Even though students living off campus with family have roughly half the costs of those who do not live with family, the average Pell Grant does not cover their average total cost of attendance in any state, and the maximum grant covers the full cost of attendance in only one state.
If Pell is doubled, recipients of the average grant award or above living at home with family would see their total cost of attendance fully covered in 41 states, and recipients of the maximum grant would be fully covered in 47 states, effectively making community college both tuition- and debt-free for such recipients in most of the country.
Biden’s proposal does not cover the full cost of attendance for students enrolled at community colleges — only tuition.
For those living off campus and not with family, costs are considerably higher. The report found that even when doubling the maximum award, it would not cover the full cost attendance for such recipients in any state.
For in-state tuition and fees at public four-year institutions, doubling the grant would cover the costs in 39 states for students receiving the maximum award and in 35 states for students receiving the average award or above.
Based on 2018-19 figures, the average Pell Grant does not cover the average cost of in-state tuition and required fees in any state, though it's very close to covering the cost of tuition and fees in Florida and Wyoming. For maximum grant recipients, the amount only covers the average cost of tuition and fees at public four-year schools in Florida, Wyoming, and Nevada.
While doubling the average amount for Pell Grant recipients would cover the cost of tuition and fees to attend public four-year schools in 35 states, it leaves a large gap in how far that coverage would stretch, ranging from as much as 237% in Florida down to only 63% in Vermont.
The doubled maximum award would cover tuition and fees in more states, allowing recipients of the maximum grant to attend four-year public institutions tuition-free in 39 states and have at least 90% of average tuition and fees covered in six other states.
Often, proposals for free college or doubling the Pell Grant are presented as mutually exclusive, but the report argues increasing the grant “can work in conjunction with other key affordability policies to target the barriers to retention and attainment posed by a student’s total cost of attendance.”
“Doubling Pell offers a smart, effective, and politically popular way to better support students with the greatest financial need — and it makes a significant down payment toward future conversations around free college,” the report concludes.

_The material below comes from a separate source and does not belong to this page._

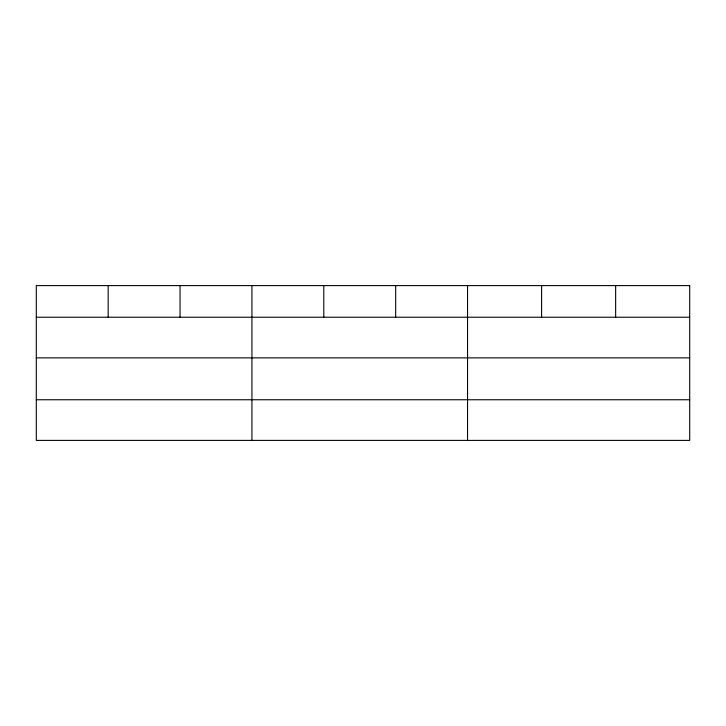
<?xml version="1.0" encoding="UTF-8"?>
<svg xmlns="http://www.w3.org/2000/svg" width="726" height="726" viewBox="0 0 726 726"><rect width="100%" height="100%" fill="white"/><g stroke="black" fill="none" stroke-linecap="round" stroke-linejoin="round"><path stroke-width="1.09" d="M36.3 317.226L689.7 317.226M36.3 357.873L689.7 357.873M36.3 399.754L689.7 399.754M615.648 285.599L615.648 317.226M541.596 285.599L541.596 317.226M467.544 285.599L467.544 440.401M395.67 285.599L395.67 317.226M323.796 285.599L323.796 317.226M251.922 285.599L251.922 440.401M180.048 285.599L180.048 317.226M108.174 285.599L108.174 317.226M689.7 285.599L36.3 285.599L36.3 440.401L689.7 440.401L689.7 285.599"/></g></svg>

Publication Date: 5/19/2021
Daina A | 5/20/2021 2:52:04 PM
Doubling the Pell Grant has nothing to do with Infrastructure. This President and his Administration apparently have no idea how economics works. The first rule of Economics is that nothing FREE.
Kyle R | 5/19/2021 10:58:11 AM
From what I understand, students who attend a proprietary school will not receive an increase in Pell. Way to treat those students like 2nd class citizens Joe.
James C | 5/19/2021 10:7:04 AM
Some states base their state grant/scholarship eligibility formula on how much Pell grant a student is receiving, so more in Pell equals less in state grant eligibility for a lower income student.
James T | 5/19/2021 9:7:33 AM
Doubling Pell, that the great. Does anyone think that colleges will raise their tuition/fees/room and board cost for the students.
In the past any increase in federal financial aid has been offset with an increase in what colleges charge the students. I have already been told that doubling PELL is great and then the colleges can raise their prices as colleges have been operating so lien for so long. Does doubling Pell come with a caveat that colleges can't raise their prices? If not what is the point? I see doubling PELL as a win for the students as long as their is something in place to prevent the colleges from raising their prices, raising the price to go to college defeats the purpose of doubling PELL.